## [TASK STATEMENT]
In the data below, the answer is the run of lines from the line containing "#108=EDGE_LOOP('',(#107));" through the line containing "#114=AXIS2_PLACEMENT_3D('',#111,#112,#113);", both included; print it exactly and nothing else.

Stored data entries:
____

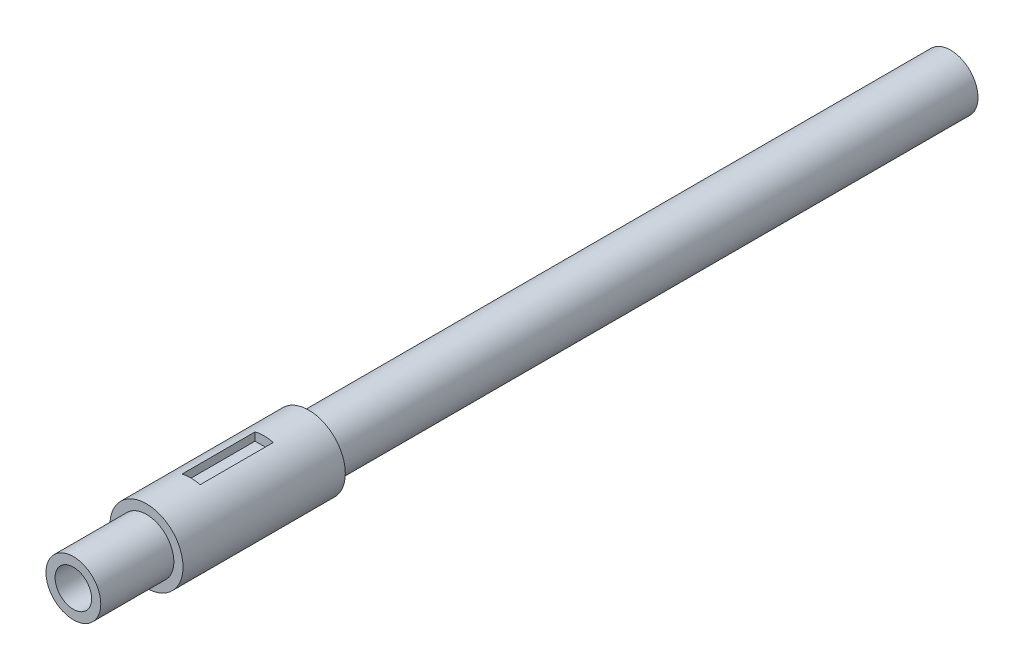
ISO-10303-21;
HEADER;
FILE_DESCRIPTION(('STEP AP214'),'2;1');
FILE_NAME('part.step','',(''),(''),'','','');
FILE_SCHEMA(('AUTOMOTIVE_DESIGN { 1 0 10303 214 1 1 1 1 }'));
ENDSEC;
DATA;
#1=APPLICATION_CONTEXT('core data for automotive mechanical design processes');
#2=APPLICATION_PROTOCOL_DEFINITION('international standard','automotive_design',2000,#1);
#3=PRODUCT_CONTEXT('',#1,'mechanical');
#4=PRODUCT('Part','Part','',(#3));
#5=PRODUCT_RELATED_PRODUCT_CATEGORY('part','',(#4));
#6=PRODUCT_DEFINITION_FORMATION('','',#4);
#7=PRODUCT_DEFINITION_CONTEXT('part definition',#1,'design');
#8=PRODUCT_DEFINITION('design','',#6,#7);
#9=PRODUCT_DEFINITION_SHAPE('','',#8);
#10=(LENGTH_UNIT() NAMED_UNIT(*) SI_UNIT(.MILLI.,.METRE.));
#11=(NAMED_UNIT(*) PLANE_ANGLE_UNIT() SI_UNIT($,.RADIAN.));
#12=(NAMED_UNIT(*) SI_UNIT($,.STERADIAN.) SOLID_ANGLE_UNIT());
#13=UNCERTAINTY_MEASURE_WITH_UNIT(LENGTH_MEASURE(1.E-05),#10,'distance_accuracy_value','');
#14=(GEOMETRIC_REPRESENTATION_CONTEXT(3) GLOBAL_UNCERTAINTY_ASSIGNED_CONTEXT((#13)) GLOBAL_UNIT_ASSIGNED_CONTEXT((#10,
#11,#12)) REPRESENTATION_CONTEXT('',''));
#15=CARTESIAN_POINT('',(0.,0.,0.));
#16=DIRECTION('',(0.,0.,1.));
#17=DIRECTION('',(1.,0.,0.));
#18=AXIS2_PLACEMENT_3D('',#15,#16,#17);
#19=CARTESIAN_POINT('',(0.,0.,-304.8));
#20=DIRECTION('',(0.,0.,1.));
#21=DIRECTION('',(1.,0.,0.));
#22=AXIS2_PLACEMENT_3D('',#19,#20,#21);
#23=CYLINDRICAL_SURFACE('',#22,12.7);
#24=DIRECTION('',(0.,0.,1.));
#25=VECTOR('',#24,1.);
#26=CARTESIAN_POINT('',(-3.175,12.2967221242085,-304.8));
#27=LINE('',#26,#25);
#28=CARTESIAN_POINT('',(-3.175,12.2967221242086,-66.294));
#29=VERTEX_POINT('',#28);
#30=CARTESIAN_POINT('',(-3.175,12.2967221242085,-40.894));
#31=VERTEX_POINT('',#30);
#32=EDGE_CURVE('E43',#29,#31,#27,.T.);
#33=ORIENTED_EDGE('',*,*,#32,.F.);
#34=CARTESIAN_POINT('',(0.,0.,-66.294));
#35=DIRECTION('',(0.,0.,1.));
#36=DIRECTION('',(1.,0.,0.));
#37=AXIS2_PLACEMENT_3D('',#34,#35,#36);
#38=CIRCLE('',#37,12.7);
#39=CARTESIAN_POINT('',(3.175,12.2967221242086,-66.294));
#40=VERTEX_POINT('',#39);
#41=EDGE_CURVE('E11',#29,#40,#38,.F.);
#42=ORIENTED_EDGE('',*,*,#41,.T.);
#43=DIRECTION('',(0.,0.,1.));
#44=VECTOR('',#43,1.);
#45=CARTESIAN_POINT('',(3.175,12.2967221242085,-304.8));
#46=LINE('',#45,#44);
#47=CARTESIAN_POINT('',(3.175,12.2967221242085,-40.894));
#48=VERTEX_POINT('',#47);
#49=EDGE_CURVE('E58',#48,#40,#46,.F.);
#50=ORIENTED_EDGE('',*,*,#49,.F.);
#51=CARTESIAN_POINT('',(0.,0.,-40.894));
#52=DIRECTION('',(0.,0.,1.));
#53=DIRECTION('',(1.,0.,0.));
#54=AXIS2_PLACEMENT_3D('',#51,#52,#53);
#55=CIRCLE('',#54,12.7);
#56=EDGE_CURVE('E113',#31,#48,#55,.F.);
#57=ORIENTED_EDGE('',*,*,#56,.F.);
#58=EDGE_LOOP('',(#33,#42,#50,#57));
#59=FACE_BOUND('',#58,.T.);
#60=CARTESIAN_POINT('',(0.,0.,-81.788));
#61=DIRECTION('',(0.,0.,1.));
#62=DIRECTION('',(1.,0.,0.));
#63=AXIS2_PLACEMENT_3D('',#60,#61,#62);
#64=CIRCLE('',#63,12.7);
#65=CARTESIAN_POINT('',(12.7,0.,-81.788));
#66=VERTEX_POINT('',#65);
#67=EDGE_CURVE('E117',#66,#66,#64,.F.);
#68=ORIENTED_EDGE('',*,*,#67,.F.);
#69=EDGE_LOOP('',(#68));
#70=FACE_BOUND('',#69,.T.);
#71=CARTESIAN_POINT('',(0.,0.,-25.4));
#72=DIRECTION('',(0.,0.,1.));
#73=DIRECTION('',(1.,0.,0.));
#74=AXIS2_PLACEMENT_3D('',#71,#72,#73);
#75=CIRCLE('',#74,12.7);
#76=CARTESIAN_POINT('',(12.7,0.,-25.4));
#77=VERTEX_POINT('',#76);
#78=EDGE_CURVE('E38',#77,#77,#75,.F.);
#79=ORIENTED_EDGE('',*,*,#78,.T.);
#80=EDGE_LOOP('',(#79));
#81=FACE_BOUND('',#80,.T.);
#82=ADVANCED_FACE('F35',(#59,#70,#81),#23,.T.);
#83=CARTESIAN_POINT('',(0.,0.,0.));
#84=DIRECTION('',(0.,0.,1.));
#85=DIRECTION('',(1.,0.,0.));
#86=AXIS2_PLACEMENT_3D('',#83,#84,#85);
#87=PLANE('',#86);
#88=CARTESIAN_POINT('',(0.,0.,0.));
#89=DIRECTION('',(0.,0.,1.));
#90=DIRECTION('',(1.,0.,0.));
#91=AXIS2_PLACEMENT_3D('',#88,#89,#90);
#92=CIRCLE('',#91,6.35);
#93=CARTESIAN_POINT('',(6.35,0.,0.));
#94=VERTEX_POINT('',#93);
#95=EDGE_CURVE('E114',#94,#94,#92,.T.);
#96=ORIENTED_EDGE('',*,*,#95,.F.);
#97=EDGE_LOOP('',(#96));
#98=FACE_BOUND('',#97,.T.);
#99=CARTESIAN_POINT('',(0.,0.,0.));
#100=DIRECTION('',(0.,0.,1.));
#101=DIRECTION('',(1.,0.,0.));
#102=AXIS2_PLACEMENT_3D('',#99,#100,#101);
#103=CIRCLE('',#102,9.525);
#104=CARTESIAN_POINT('',(9.525,0.,0.));
#105=VERTEX_POINT('',#104);
#106=EDGE_CURVE('E247',#105,#105,#103,.T.);
#107=ORIENTED_EDGE('',*,*,#106,.T.);
#108=EDGE_LOOP('',(#107));
#109=FACE_BOUND('',#108,.T.);
#110=ADVANCED_FACE('F139',(#98,#109),#87,.T.);
#111=CARTESIAN_POINT('',(0.,0.,-304.8));
#112=DIRECTION('',(0.,0.,1.));
#113=DIRECTION('',(1.,0.,0.));
#114=AXIS2_PLACEMENT_3D('',#111,#112,#113);
#115=PLANE('',#114);
#116=CARTESIAN_POINT('',(0.,0.,-304.8));
#117=DIRECTION('',(0.,0.,1.));
#118=DIRECTION('',(1.,0.,0.));
#119=AXIS2_PLACEMENT_3D('',#116,#117,#118);
#120=CIRCLE('',#119,6.35);
#121=CARTESIAN_POINT('',(6.35,0.,-304.8));
#122=VERTEX_POINT('',#121);
#123=EDGE_CURVE('E110',#122,#122,#120,.T.);
#124=ORIENTED_EDGE('',*,*,#123,.T.);
#125=EDGE_LOOP('',(#124));
#126=FACE_BOUND('',#125,.T.);
#127=CARTESIAN_POINT('',(0.,0.,-304.8));
#128=DIRECTION('',(0.,0.,1.));
#129=DIRECTION('',(1.,0.,0.));
#130=AXIS2_PLACEMENT_3D('',#127,#128,#129);
#131=CIRCLE('',#130,9.525);
#132=CARTESIAN_POINT('',(9.525,0.,-304.8));
#133=VERTEX_POINT('',#132);
#134=EDGE_CURVE('E109',#133,#133,#131,.T.);
#135=ORIENTED_EDGE('',*,*,#134,.F.);
#136=EDGE_LOOP('',(#135));
#137=FACE_BOUND('',#136,.T.);
#138=ADVANCED_FACE('F143',(#126,#137),#115,.F.);
#139=CARTESIAN_POINT('',(0.,0.,-304.8));
#140=DIRECTION('',(0.,0.,1.));
#141=DIRECTION('',(1.,0.,0.));
#142=AXIS2_PLACEMENT_3D('',#139,#140,#141);
#143=CYLINDRICAL_SURFACE('',#142,6.35);
#144=CARTESIAN_POINT('',(6.35,0.,-304.8));
#145=CARTESIAN_POINT('',(6.35,0.,-301.625));
#146=CARTESIAN_POINT('',(6.35,0.,-298.45));
#147=CARTESIAN_POINT('',(6.35,0.,-292.1));
#148=CARTESIAN_POINT('',(6.35,0.,-288.925));
#149=CARTESIAN_POINT('',(6.35,0.,-282.575));
#150=CARTESIAN_POINT('',(6.35,0.,-279.4));
#151=CARTESIAN_POINT('',(6.35,0.,-273.05));
#152=CARTESIAN_POINT('',(6.35,0.,-269.875));
#153=CARTESIAN_POINT('',(6.35,0.,-263.525));
#154=CARTESIAN_POINT('',(6.35,0.,-260.35));
#155=CARTESIAN_POINT('',(6.35,0.,-254.));
#156=CARTESIAN_POINT('',(6.35,0.,-250.825));
#157=CARTESIAN_POINT('',(6.35,0.,-244.475));
#158=CARTESIAN_POINT('',(6.35,0.,-241.3));
#159=CARTESIAN_POINT('',(6.35,0.,-234.95));
#160=CARTESIAN_POINT('',(6.35,0.,-231.775));
#161=CARTESIAN_POINT('',(6.35,0.,-225.425));
#162=CARTESIAN_POINT('',(6.35,0.,-222.25));
#163=CARTESIAN_POINT('',(6.35,0.,-215.9));
#164=CARTESIAN_POINT('',(6.35,0.,-212.725));
#165=CARTESIAN_POINT('',(6.35,0.,-206.375));
#166=CARTESIAN_POINT('',(6.35,0.,-203.2));
#167=CARTESIAN_POINT('',(6.35,0.,-196.85));
#168=CARTESIAN_POINT('',(6.35,0.,-193.675));
#169=CARTESIAN_POINT('',(6.35,0.,-187.325));
#170=CARTESIAN_POINT('',(6.35,0.,-184.15));
#171=CARTESIAN_POINT('',(6.35,0.,-177.8));
#172=CARTESIAN_POINT('',(6.35,0.,-174.625));
#173=CARTESIAN_POINT('',(6.35,0.,-168.275));
#174=CARTESIAN_POINT('',(6.35,0.,-165.1));
#175=CARTESIAN_POINT('',(6.35,0.,-158.75));
#176=CARTESIAN_POINT('',(6.35,0.,-155.575));
#177=CARTESIAN_POINT('',(6.35,0.,-149.225));
#178=CARTESIAN_POINT('',(6.35,0.,-146.05));
#179=CARTESIAN_POINT('',(6.35,0.,-139.7));
#180=CARTESIAN_POINT('',(6.35,0.,-136.525));
#181=CARTESIAN_POINT('',(6.35,0.,-130.175));
#182=CARTESIAN_POINT('',(6.35,0.,-127.));
#183=CARTESIAN_POINT('',(6.35,0.,-120.65));
#184=CARTESIAN_POINT('',(6.35,0.,-117.475));
#185=CARTESIAN_POINT('',(6.35,0.,-111.125));
#186=CARTESIAN_POINT('',(6.35,0.,-107.95));
#187=CARTESIAN_POINT('',(6.35,0.,-101.6));
#188=CARTESIAN_POINT('',(6.35,0.,-98.425));
#189=CARTESIAN_POINT('',(6.35,0.,-92.075));
#190=CARTESIAN_POINT('',(6.35,0.,-88.9));
#191=CARTESIAN_POINT('',(6.35,0.,-82.55));
#192=CARTESIAN_POINT('',(6.35,0.,-79.375));
#193=CARTESIAN_POINT('',(6.35,0.,-73.025));
#194=CARTESIAN_POINT('',(6.35,0.,-69.85));
#195=CARTESIAN_POINT('',(6.35,0.,-63.5));
#196=CARTESIAN_POINT('',(6.35,0.,-60.325));
#197=CARTESIAN_POINT('',(6.35,0.,-53.975));
#198=CARTESIAN_POINT('',(6.35,0.,-50.8));
#199=CARTESIAN_POINT('',(6.35,0.,-44.45));
#200=CARTESIAN_POINT('',(6.35,0.,-41.275));
#201=CARTESIAN_POINT('',(6.35,0.,-34.925));
#202=CARTESIAN_POINT('',(6.35,0.,-31.75));
#203=CARTESIAN_POINT('',(6.35,0.,-25.4));
#204=CARTESIAN_POINT('',(6.35,0.,-22.225));
#205=CARTESIAN_POINT('',(6.35,0.,-15.875));
#206=CARTESIAN_POINT('',(6.35,0.,-12.7));
#207=CARTESIAN_POINT('',(6.35,0.,-6.35));
#208=CARTESIAN_POINT('',(6.35,0.,-3.175));
#209=CARTESIAN_POINT('',(6.35,0.,0.));
#210=B_SPLINE_CURVE_WITH_KNOTS('',3,(#144,#145,#146,#147,#148,#149,#150,#151,#152,#153,#154,
#155,#156,#157,#158,#159,#160,#161,#162,#163,#164,#165,#166,#167,#168,#169,#170,#171,#172,#173,
#174,#175,#176,#177,#178,#179,#180,#181,#182,#183,#184,#185,#186,#187,#188,#189,#190,#191,#192,
#193,#194,#195,#196,#197,#198,#199,#200,#201,#202,#203,#204,#205,#206,#207,#208,#209),
.UNSPECIFIED.,.F.,.F.,(4,2,2,2,2,2,2,2,2,2,2,2,2,2,2,2,2,2,2,2,2,2,2,2,2,2,2,2,2,2,2,2,4),(0.,
9.52500000000001,19.05,28.575,38.1,47.625,57.15,66.675,76.2,85.7250000000001,95.2500000000001,
104.775,114.3,123.825,133.35,142.875,152.4,161.925,171.45,180.975,190.5,200.025,209.55,219.075,
228.6,238.125,247.65,257.175,266.7,276.225,285.75,295.275,304.8),.UNSPECIFIED.);
#211=EDGE_CURVE('BSEAM148',#122,#94,#210,.T.);
#212=ORIENTED_EDGE('',*,*,#123,.F.);
#213=ORIENTED_EDGE('',*,*,#95,.T.);
#214=ORIENTED_EDGE('',*,*,#211,.T.);
#215=ORIENTED_EDGE('',*,*,#211,.F.);
#216=EDGE_LOOP('',(#212,#214,#213,#215));
#217=FACE_BOUND('',#216,.T.);
#218=ADVANCED_FACE('F148',(#217),#143,.F.);
#219=CARTESIAN_POINT('',(0.,0.,-335.788));
#220=DIRECTION('',(0.,0.,1.));
#221=DIRECTION('',(1.,0.,0.));
#222=AXIS2_PLACEMENT_3D('',#219,#220,#221);
#223=CYLINDRICAL_SURFACE('',#222,9.525);
#224=CARTESIAN_POINT('',(0.,0.,-81.788));
#225=DIRECTION('',(0.,0.,1.));
#226=DIRECTION('',(1.,0.,0.));
#227=AXIS2_PLACEMENT_3D('',#224,#225,#226);
#228=CIRCLE('',#227,9.525);
#229=CARTESIAN_POINT('',(9.525,0.,-81.788));
#230=VERTEX_POINT('',#229);
#231=EDGE_CURVE('E105',#230,#230,#228,.T.);
#232=ORIENTED_EDGE('',*,*,#231,.F.);
#233=EDGE_LOOP('',(#232));
#234=FACE_BOUND('',#233,.T.);
#235=ORIENTED_EDGE('',*,*,#134,.T.);
#236=EDGE_LOOP('',(#235));
#237=FACE_BOUND('',#236,.T.);
#238=ADVANCED_FACE('F156',(#234,#237),#223,.T.);
#239=CARTESIAN_POINT('',(0.,0.,-81.788));
#240=DIRECTION('',(0.,0.,1.));
#241=DIRECTION('',(1.,0.,0.));
#242=AXIS2_PLACEMENT_3D('',#239,#240,#241);
#243=PLANE('',#242);
#244=ORIENTED_EDGE('',*,*,#67,.T.);
#245=EDGE_LOOP('',(#244));
#246=FACE_BOUND('',#245,.T.);
#247=ORIENTED_EDGE('',*,*,#231,.T.);
#248=EDGE_LOOP('',(#247));
#249=FACE_BOUND('',#248,.T.);
#250=ADVANCED_FACE('F136',(#246,#249),#243,.F.);
#251=CARTESIAN_POINT('',(-3.175,12.2967221242085,-66.294));
#252=DIRECTION('',(-1.,0.,0.));
#253=DIRECTION('',(0.,-1.,0.));
#254=AXIS2_PLACEMENT_3D('',#251,#252,#253);
#255=PLANE('',#254);
#256=ORIENTED_EDGE('',*,*,#32,.T.);
#257=DIRECTION('',(0.,-1.,0.));
#258=VECTOR('',#257,1.);
#259=CARTESIAN_POINT('',(-3.175,12.2967221242085,-40.894));
#260=LINE('',#259,#258);
#261=CARTESIAN_POINT('',(-3.175,9.50272212420855,-40.894));
#262=VERTEX_POINT('',#261);
#263=EDGE_CURVE('E50',#31,#262,#260,.T.);
#264=ORIENTED_EDGE('',*,*,#263,.T.);
#265=DIRECTION('',(0.,0.,1.));
#266=VECTOR('',#265,1.);
#267=CARTESIAN_POINT('',(-3.175,9.50272212420855,-66.294));
#268=LINE('',#267,#266);
#269=CARTESIAN_POINT('',(-3.175,9.50272212420855,-66.294));
#270=VERTEX_POINT('',#269);
#271=EDGE_CURVE('E87',#270,#262,#268,.T.);
#272=ORIENTED_EDGE('',*,*,#271,.F.);
#273=DIRECTION('',(0.,-1.,0.));
#274=VECTOR('',#273,1.);
#275=CARTESIAN_POINT('',(-3.175,12.2967221242085,-66.294));
#276=LINE('',#275,#274);
#277=EDGE_CURVE('E78',#29,#270,#276,.T.);
#278=ORIENTED_EDGE('',*,*,#277,.F.);
#279=EDGE_LOOP('',(#256,#264,#272,#278));
#280=FACE_BOUND('',#279,.T.);
#281=ADVANCED_FACE('F88',(#280),#255,.F.);
#282=CARTESIAN_POINT('',(3.175,15.8527221242085,-66.294));
#283=DIRECTION('',(1.,0.,0.));
#284=DIRECTION('',(0.,1.,0.));
#285=AXIS2_PLACEMENT_3D('',#282,#283,#284);
#286=PLANE('',#285);
#287=ORIENTED_EDGE('',*,*,#49,.T.);
#288=DIRECTION('',(0.,1.,0.));
#289=VECTOR('',#288,1.);
#290=CARTESIAN_POINT('',(3.175,9.50272212420855,-66.294));
#291=LINE('',#290,#289);
#292=CARTESIAN_POINT('',(3.175,9.50272212420855,-66.294));
#293=VERTEX_POINT('',#292);
#294=EDGE_CURVE('E92',#293,#40,#291,.T.);
#295=ORIENTED_EDGE('',*,*,#294,.F.);
#296=DIRECTION('',(0.,0.,1.));
#297=VECTOR('',#296,1.);
#298=CARTESIAN_POINT('',(3.175,9.50272212420855,-66.294));
#299=LINE('',#298,#297);
#300=CARTESIAN_POINT('',(3.175,9.50272212420855,-40.894));
#301=VERTEX_POINT('',#300);
#302=EDGE_CURVE('E91',#293,#301,#299,.T.);
#303=ORIENTED_EDGE('',*,*,#302,.T.);
#304=DIRECTION('',(0.,1.,0.));
#305=VECTOR('',#304,1.);
#306=CARTESIAN_POINT('',(3.175,15.8527221242085,-40.894));
#307=LINE('',#306,#305);
#308=EDGE_CURVE('E102',#301,#48,#307,.T.);
#309=ORIENTED_EDGE('',*,*,#308,.T.);
#310=EDGE_LOOP('',(#287,#295,#303,#309));
#311=FACE_BOUND('',#310,.T.);
#312=ADVANCED_FACE('F128',(#311),#286,.F.);
#313=CARTESIAN_POINT('',(-3.175,9.50272212420855,-66.294));
#314=DIRECTION('',(0.,-1.,0.));
#315=DIRECTION('',(0.,0.,-1.));
#316=AXIS2_PLACEMENT_3D('',#313,#314,#315);
#317=PLANE('',#316);
#318=DIRECTION('',(1.,0.,0.));
#319=VECTOR('',#318,1.);
#320=CARTESIAN_POINT('',(-3.175,9.50272212420855,-40.894));
#321=LINE('',#320,#319);
#322=EDGE_CURVE('E100',#262,#301,#321,.T.);
#323=ORIENTED_EDGE('',*,*,#322,.T.);
#324=ORIENTED_EDGE('',*,*,#302,.F.);
#325=DIRECTION('',(1.,0.,0.));
#326=VECTOR('',#325,1.);
#327=CARTESIAN_POINT('',(-3.175,9.50272212420855,-66.294));
#328=LINE('',#327,#326);
#329=EDGE_CURVE('E82',#270,#293,#328,.T.);
#330=ORIENTED_EDGE('',*,*,#329,.F.);
#331=ORIENTED_EDGE('',*,*,#271,.T.);
#332=EDGE_LOOP('',(#323,#324,#330,#331));
#333=FACE_BOUND('',#332,.T.);
#334=ADVANCED_FACE('F94',(#333),#317,.F.);
#335=CARTESIAN_POINT('',(0.,0.,-66.294));
#336=DIRECTION('',(0.,0.,1.));
#337=DIRECTION('',(1.,0.,0.));
#338=AXIS2_PLACEMENT_3D('',#335,#336,#337);
#339=PLANE('',#338);
#340=ORIENTED_EDGE('',*,*,#277,.T.);
#341=ORIENTED_EDGE('',*,*,#329,.T.);
#342=ORIENTED_EDGE('',*,*,#294,.T.);
#343=ORIENTED_EDGE('',*,*,#41,.F.);
#344=EDGE_LOOP('',(#340,#341,#342,#343));
#345=FACE_BOUND('',#344,.T.);
#346=ADVANCED_FACE('F80',(#345),#339,.T.);
#347=CARTESIAN_POINT('',(0.,0.,-40.894));
#348=DIRECTION('',(0.,0.,1.));
#349=DIRECTION('',(1.,0.,0.));
#350=AXIS2_PLACEMENT_3D('',#347,#348,#349);
#351=PLANE('',#350);
#352=ORIENTED_EDGE('',*,*,#56,.T.);
#353=ORIENTED_EDGE('',*,*,#308,.F.);
#354=ORIENTED_EDGE('',*,*,#322,.F.);
#355=ORIENTED_EDGE('',*,*,#263,.F.);
#356=EDGE_LOOP('',(#352,#353,#354,#355));
#357=FACE_BOUND('',#356,.T.);
#358=ADVANCED_FACE('F127',(#357),#351,.F.);
#359=CARTESIAN_POINT('',(0.,0.,-79.2815367264149));
#360=DIRECTION('',(0.,0.,1.));
#361=DIRECTION('',(1.,0.,0.));
#362=AXIS2_PLACEMENT_3D('',#359,#360,#361);
#363=CYLINDRICAL_SURFACE('',#362,9.525);
#364=CARTESIAN_POINT('',(0.,0.,-25.4));
#365=DIRECTION('',(0.,0.,1.));
#366=DIRECTION('',(1.,0.,0.));
#367=AXIS2_PLACEMENT_3D('',#364,#365,#366);
#368=CIRCLE('',#367,9.525);
#369=CARTESIAN_POINT('',(9.525,0.,-25.4));
#370=VERTEX_POINT('',#369);
#371=EDGE_CURVE('E246',#370,#370,#368,.F.);
#372=ORIENTED_EDGE('',*,*,#371,.F.);
#373=EDGE_LOOP('',(#372));
#374=FACE_BOUND('',#373,.T.);
#375=ORIENTED_EDGE('',*,*,#106,.F.);
#376=EDGE_LOOP('',(#375));
#377=FACE_BOUND('',#376,.T.);
#378=ADVANCED_FACE('F209',(#374,#377),#363,.T.);
#379=CARTESIAN_POINT('',(0.,0.,-25.4));
#380=DIRECTION('',(0.,0.,1.));
#381=DIRECTION('',(1.,0.,0.));
#382=AXIS2_PLACEMENT_3D('',#379,#380,#381);
#383=PLANE('',#382);
#384=ORIENTED_EDGE('',*,*,#78,.F.);
#385=EDGE_LOOP('',(#384));
#386=FACE_BOUND('',#385,.T.);
#387=ORIENTED_EDGE('',*,*,#371,.T.);
#388=EDGE_LOOP('',(#387));
#389=FACE_BOUND('',#388,.T.);
#390=ADVANCED_FACE('F227',(#386,#389),#383,.T.);
#391=CLOSED_SHELL('',(#82,#110,#138,#218,#238,#250,#281,#312,#334,#346,#358,#378,#390));
#392=MANIFOLD_SOLID_BREP('B2',#391);
#393=ADVANCED_BREP_SHAPE_REPRESENTATION('',(#18,#392),#14);
#394=SHAPE_DEFINITION_REPRESENTATION(#9,#393);
ENDSEC;
END-ISO-10303-21;

____

## [RESULT]
#108=EDGE_LOOP('',(#107));
#109=FACE_BOUND('',#108,.T.);
#110=ADVANCED_FACE('F139',(#98,#109),#87,.T.);
#111=CARTESIAN_POINT('',(0.,0.,-304.8));
#112=DIRECTION('',(0.,0.,1.));
#113=DIRECTION('',(1.,0.,0.));
#114=AXIS2_PLACEMENT_3D('',#111,#112,#113);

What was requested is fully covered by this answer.